After a week in Neiva I was ready to see more of the country so my friend and I drove south to the town of San Agustin. It’s a little town stuck in a valley near several important rivers and surrounded on all sides by green hills. At some point in history a nearby volcano erupted, sending giant stones flying throughout the area. The locals (with time on their hands) ended up carving these stones into giant figures of people and animals, which can be seen in the local archaeological park or on random trips into the hills. We visited the park and then went to “El Estrecho” which is a narrowing of the huge Magdalena River. Unfortunately I came down with something so we headed back that night instead of sticking around for more fun the next day. Probably a wise move since I was burning up and in no mood to have any fun. I was sick for a couple days but didn’t let that stop me from heading back north to Bogotá (which was not very impressive due to the cold, overcast day and the traffic gridlock). I stayed with another of my friend’s cousins who was able to show me some of the more interesting parts of Bogotá that night and the next day. Highlights were Usaquen, Parque 93, the Gold Museum, old churches and the Botero Museum. I also couldn’t resist some of the local temptations like cheese in my hot chocolate and giant “fat bottomed” ants, which were about an inch long, fried and tasted like rotten, burnt mud.
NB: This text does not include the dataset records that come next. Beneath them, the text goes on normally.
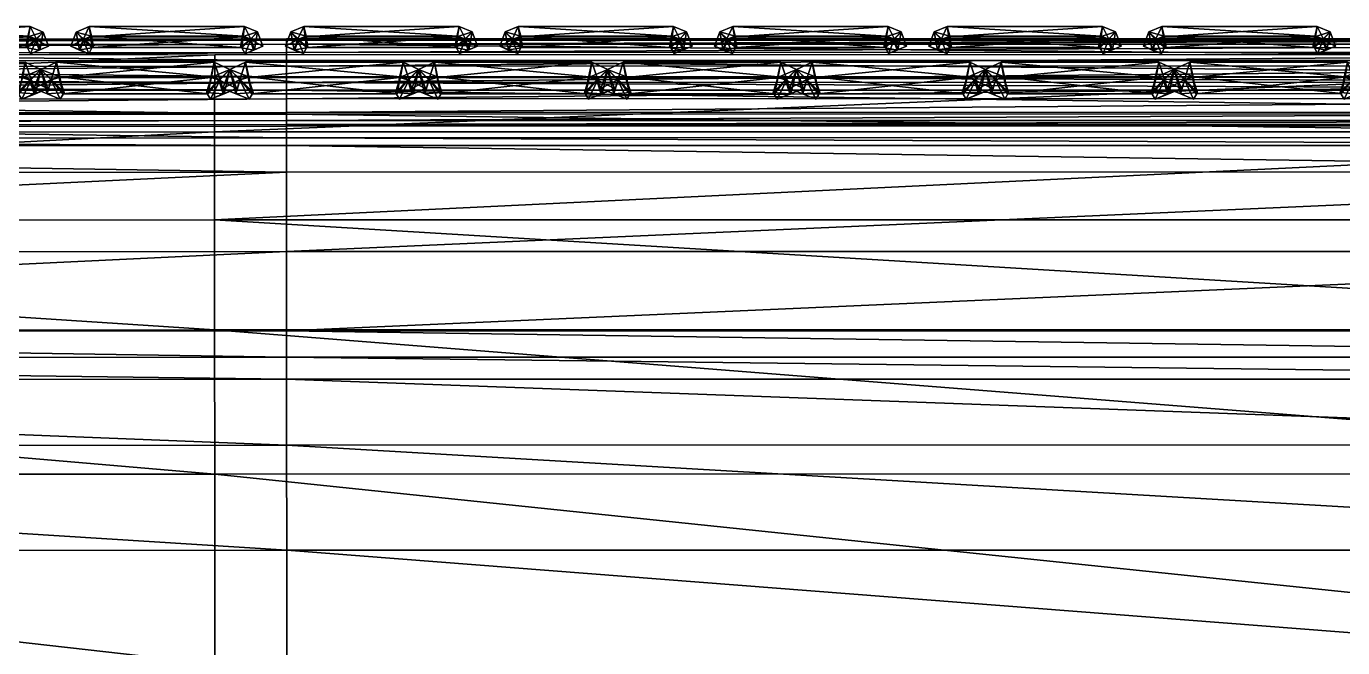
# Model space of a CAD drawing. Header units: centimetres. Extents: x -29.3 to 29.3, y -28.9 to 28.9.
# Drawn here: x -11.276 to -8.76, y 27.666 to 28.854 of the extents above; entities that cross this region are included whole.
import ezdxf

# ---------------------------------------------------------------- set-up
doc = ezdxf.new("R2010")
doc.units = ezdxf.units.CM
doc.layers.get('0').update_dxf_attribs({"true_color": 0xb1581b})

msp = doc.modelspace()

# ---------------------------------------------------------------- meshes
at = {"color": 164, "true_color": 0x1c1cb1}
mesh = msp.add_polyface(dxfattribs=at)
corners = [(-11.5778, 28.829, 17.6544), (-11.5845, 28.8086, 17.652), (-11.5666, 28.802, 17.6343), (-11.5607, 28.8133, 17.6348), (-11.5907, 28.8435, 17.6344), (-11.601, 28.8162, 17.6334), (-11.5762, 28.83, 17.6148), (-11.5831, 28.8096, 17.6157), (-11.5629, 28.8344, 17.6553), (-11.5578, 28.8139, 17.635), (-11.566, 28.8542, 17.6357), (-11.5613, 28.8354, 17.6154), (-11.2735, 28.8344, 17.6664), (-11.277, 28.8139, 17.6457), (-11.2689, 28.8542, 17.6471), (-11.2719, 28.8354, 17.6265), (-11.2586, 28.829, 17.6667), (-11.2741, 28.8133, 17.6458), (-11.257, 28.83, 17.627), (-11.2682, 28.8021, 17.6458), (-11.2517, 28.8087, 17.6648), (-11.6687, 28.8289, 17.651), (-11.6835, 28.8344, 17.6506), (-11.687, 28.8139, 17.63), (-11.6542, 28.8435, 17.632), (-11.679, 28.8542, 17.6313), (-11.667, 28.83, 17.6113), (-11.6819, 28.8354, 17.6107), (-11.6841, 28.8133, 17.6301), (-11.6617, 28.8086, 17.649), (-11.6782, 28.802, 17.63), (-11.6438, 28.8162, 17.6317), (-11.6603, 28.8096, 17.6127)]
mesh.append_faces([[corners[k] for k in face] for face in [(31, 29, 30), (32, 31, 30)]], dxfattribs={"color": 164})
mesh.append_faces([[corners[k] for k in face] for face in [(0, 1, 2), (2, 3, 0), (4, 5, 1), (1, 0, 4), (6, 7, 5), (5, 4, 6), (3, 2, 7), (7, 6, 3), (8, 0, 3), (3, 9, 8), (10, 4, 0), (0, 8, 10), (11, 6, 4), (4, 10, 11), (9, 3, 6), (6, 11, 9), (12, 8, 9), (9, 13, 12), (14, 10, 8), (8, 12, 14), (15, 11, 10), (10, 14, 15), (13, 9, 11), (11, 15, 13), (16, 12, 13), (13, 17, 16), (18, 15, 14), (17, 13, 15), (15, 18, 17), (17, 19, 20), (19, 17, 18), (5, 7, 2), (2, 1, 5), (21, 22, 23), (24, 25, 22), (22, 21, 24), (26, 27, 25), (25, 24, 26), (27, 26, 28), (29, 21, 28), (28, 30, 29), (31, 24, 21), (21, 29, 31), (32, 26, 24), (24, 31, 32), (30, 28, 26), (26, 32, 30)]], dxfattribs={"vtx2": -1, "color": 164})
mesh = msp.add_polyface(dxfattribs=at)
corners = [(-11.1678, 28.829, 17.6702), (-11.1745, 28.8087, 17.6677), (-11.1566, 28.8021, 17.6501), (-11.1507, 28.8133, 17.6506), (-11.1807, 28.8435, 17.6502), (-11.191, 28.8162, 17.6491), (-11.1662, 28.83, 17.6305), (-11.1731, 28.8096, 17.6314), (-11.1529, 28.8344, 17.671), (-11.1478, 28.8139, 17.6507), (-11.1559, 28.8542, 17.6514), (-11.1513, 28.8354, 17.6311), (-10.8635, 28.8344, 17.6821), (-10.8669, 28.8139, 17.6615), (-10.8589, 28.8542, 17.6628), (-10.8619, 28.8355, 17.6422), (-10.8486, 28.829, 17.6824), (-10.864, 28.8134, 17.6616), (-10.8341, 28.8436, 17.6635), (-10.847, 28.8301, 17.6428), (-10.8417, 28.8087, 17.6805), (-10.8582, 28.8021, 17.6615), (-10.8403, 28.8097, 17.6442), (-11.2442, 28.8435, 17.6477), (-11.2689, 28.8542, 17.6471), (-11.2735, 28.8344, 17.6664), (-11.2586, 28.829, 17.6667), (-11.257, 28.83, 17.627), (-11.2517, 28.8087, 17.6648), (-11.2741, 28.8133, 17.6458), (-11.2338, 28.8162, 17.6474), (-11.2503, 28.8096, 17.6285), (-11.2682, 28.8021, 17.6458)]
mesh.append_faces([[corners[k] for k in face] for face in [(30, 28, 32), (31, 30, 32)]], dxfattribs={"color": 164})
mesh.append_faces([[corners[k] for k in face] for face in [(0, 1, 2), (2, 3, 0), (4, 5, 1), (1, 0, 4), (6, 7, 5), (5, 4, 6), (3, 2, 7), (7, 6, 3), (8, 0, 3), (3, 9, 8), (10, 4, 0), (0, 8, 10), (11, 6, 4), (4, 10, 11), (9, 3, 6), (6, 11, 9), (12, 8, 9), (9, 13, 12), (14, 10, 8), (8, 12, 14), (15, 11, 10), (10, 14, 15), (13, 9, 11), (11, 15, 13), (16, 12, 13), (13, 17, 16), (18, 14, 12), (12, 16, 18), (19, 15, 14), (14, 18, 19), (17, 13, 15), (15, 19, 17), (20, 16, 17), (17, 21, 20), (21, 17, 19), (19, 22, 21), (5, 7, 2), (2, 1, 5), (23, 24, 25), (25, 26, 23), (24, 23, 27), (28, 26, 29), (30, 23, 26), (26, 28, 30), (31, 27, 23), (23, 30, 31), (27, 31, 32)]], dxfattribs={"vtx2": -1, "color": 164})
mesh = msp.add_polyface(dxfattribs=at)
corners = [(-10.7578, 28.829, 17.6859), (-10.7645, 28.8087, 17.6835), (-10.7465, 28.8022, 17.6658), (-10.7407, 28.8134, 17.6663), (-10.7707, 28.8436, 17.6659), (-10.781, 28.8163, 17.6648), (-10.7562, 28.8301, 17.6462), (-10.763, 28.8097, 17.6472), (-10.7429, 28.8344, 17.6867), (-10.7378, 28.8139, 17.6664), (-10.7459, 28.8543, 17.6671), (-10.7413, 28.8355, 17.6468), (-10.4535, 28.8345, 17.6978), (-10.4569, 28.814, 17.6772), (-10.4489, 28.8543, 17.6785), (-10.4519, 28.8355, 17.658), (-10.4386, 28.8291, 17.6982), (-10.454, 28.8134, 17.6773), (-10.4241, 28.8436, 17.6792), (-10.437, 28.8301, 17.6585), (-10.4317, 28.8088, 17.6962), (-10.4482, 28.8022, 17.6772), (-10.4138, 28.8163, 17.6789), (-10.4302, 28.8097, 17.6599), (-10.8238, 28.8163, 17.6632), (-10.8341, 28.8436, 17.6635), (-10.8486, 28.829, 17.6824), (-10.8417, 28.8087, 17.6805), (-10.8403, 28.8097, 17.6442), (-10.847, 28.8301, 17.6428), (-10.8582, 28.8021, 17.6615)]
mesh.append_faces([[corners[k] for k in face] for face in [(22, 20, 21), (23, 22, 21), (24, 27, 30), (28, 24, 30)]], dxfattribs={"color": 164})
mesh.append_faces([[corners[k] for k in face] for face in [(0, 1, 2), (2, 3, 0), (4, 5, 1), (1, 0, 4), (6, 7, 5), (5, 4, 6), (3, 2, 7), (7, 6, 3), (8, 0, 3), (3, 9, 8), (10, 4, 0), (0, 8, 10), (11, 6, 4), (4, 10, 11), (9, 3, 6), (6, 11, 9), (12, 8, 9), (9, 13, 12), (14, 10, 8), (8, 12, 14), (15, 11, 10), (10, 14, 15), (13, 9, 11), (11, 15, 13), (16, 12, 13), (13, 17, 16), (18, 14, 12), (12, 16, 18), (19, 15, 14), (14, 18, 19), (17, 13, 15), (15, 19, 17), (20, 16, 17), (17, 21, 20), (16, 20, 22), (23, 19, 18), (21, 17, 19), (19, 23, 21), (5, 7, 2), (2, 1, 5), (24, 25, 26), (26, 27, 24), (28, 29, 25), (25, 24, 28)]], dxfattribs={"vtx2": -1, "color": 164})
mesh = msp.add_polyface(dxfattribs=at)
corners = [(-9.9506, 28.8436, 17.6974), (-9.9609, 28.8164, 17.6963), (-9.9445, 28.8088, 17.7149), (-9.9361, 28.8301, 17.6777), (-9.943, 28.8097, 17.6786), (-10.3478, 28.8291, 17.7017), (-10.3545, 28.8088, 17.6992), (-10.3365, 28.8022, 17.6815), (-10.3307, 28.8134, 17.682), (-10.3607, 28.8436, 17.6816), (-10.371, 28.8163, 17.6806), (-10.3462, 28.8301, 17.662), (-10.353, 28.8097, 17.6629), (-10.3329, 28.8345, 17.7025), (-10.3278, 28.814, 17.6822), (-10.3359, 28.8543, 17.6829), (-10.3312, 28.8355, 17.6626), (-10.0435, 28.8345, 17.7136), (-10.0469, 28.814, 17.6929), (-10.0389, 28.8543, 17.6943), (-10.0419, 28.8355, 17.6737), (-10.0285, 28.8291, 17.7139), (-10.044, 28.8134, 17.693), (-10.0141, 28.8436, 17.6949), (-10.027, 28.8301, 17.6742), (-10.0217, 28.8088, 17.712), (-10.0381, 28.8022, 17.693), (-10.0037, 28.8164, 17.6947), (-10.0202, 28.8097, 17.6757), (-10.4138, 28.8163, 17.6789), (-10.4241, 28.8436, 17.6792), (-10.4386, 28.8291, 17.6982), (-10.4302, 28.8097, 17.6599)]
mesh.append_faces([[corners[k] for k in face] for face in [(27, 25, 26), (28, 27, 26)]], dxfattribs={"color": 164})
mesh.append_faces([[corners[k] for k in face] for face in [(0, 1, 2), (3, 4, 1), (1, 0, 3), (5, 6, 7), (7, 8, 5), (9, 10, 6), (6, 5, 9), (11, 12, 10), (10, 9, 11), (8, 7, 12), (12, 11, 8), (13, 5, 8), (8, 14, 13), (15, 9, 5), (5, 13, 15), (16, 11, 9), (9, 15, 16), (14, 8, 11), (11, 16, 14), (17, 13, 14), (14, 18, 17), (19, 15, 13), (13, 17, 19), (20, 16, 15), (15, 19, 20), (18, 14, 16), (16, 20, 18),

Either Colombia is a huge country or it’s because of the rugged terrain, but travel can take forever. That’s why I flew up to the North coast, saving about 12 hours for that extra $10 I spent. I flew into Cartagena and this time stayed with the brother of my friend’s friend’s husband (I told you everyone knows each other) who again instantly made me a part of their family. Unfortunately I couldn’t stay long because I was determined to explore some of the North coast and headed east to a little fishing village called Taganga. Several unrelated people said it was a beautiful place but to be honest I was a little unimpressed. Definitely not the nicest beach in the world and with the whole main street under construction it felt like the town had been built overnight. Then again, I didn’t have any plans except to relax so it did the job. There was a nice hike to a bay and beach around the corner, and little things made it worthwhile like the amazing fruit smoothies (my favorite was lulo, a local fruit). After a few days relaxing I headed back to Cartagena and got a nice surprise when I found my friend there waiting for me.

We spent these final days in the Old Town of Cartagena, which is amazing. Tons of old buildings that have been fixed up and painted in every color along with random little parks, plazas and tons of energy. Nearby is the Castle of San Felipe, which is a huge, old Spanish fort that you can explore, including some of the old underground tunnels. We spent the first day walking around town and found a huge difference between day and night. In the daytime, the streets are full of locals and vendors. In the nighttime, many locals vanished and were replaced by tourists, horse-drawn carriages and local performers. On the last day we headed south of the city to Bocagrande beach for some relaxing, bodysurfing and lots of “no thank you’s”.

Thankfully that first impression of super friendly people and random destruction was only halfway accurate. I don’t think I’ve ever met friendlier, more genuine people on my travels. I’m sure some of this was because I was far from the tourist trail and living with my friend. I know a big part is the people as well. I saw many examples of complete strangers meeting people not because they wanted something but because of their natural, curious personalities. There’s definitely a closeness in Colombia that I don’t find in the US. That and the complete chaos that I mentioned earlier. It’s a funny place but somewhere I would love to visit again. Oh, and the coffee’s not bad either.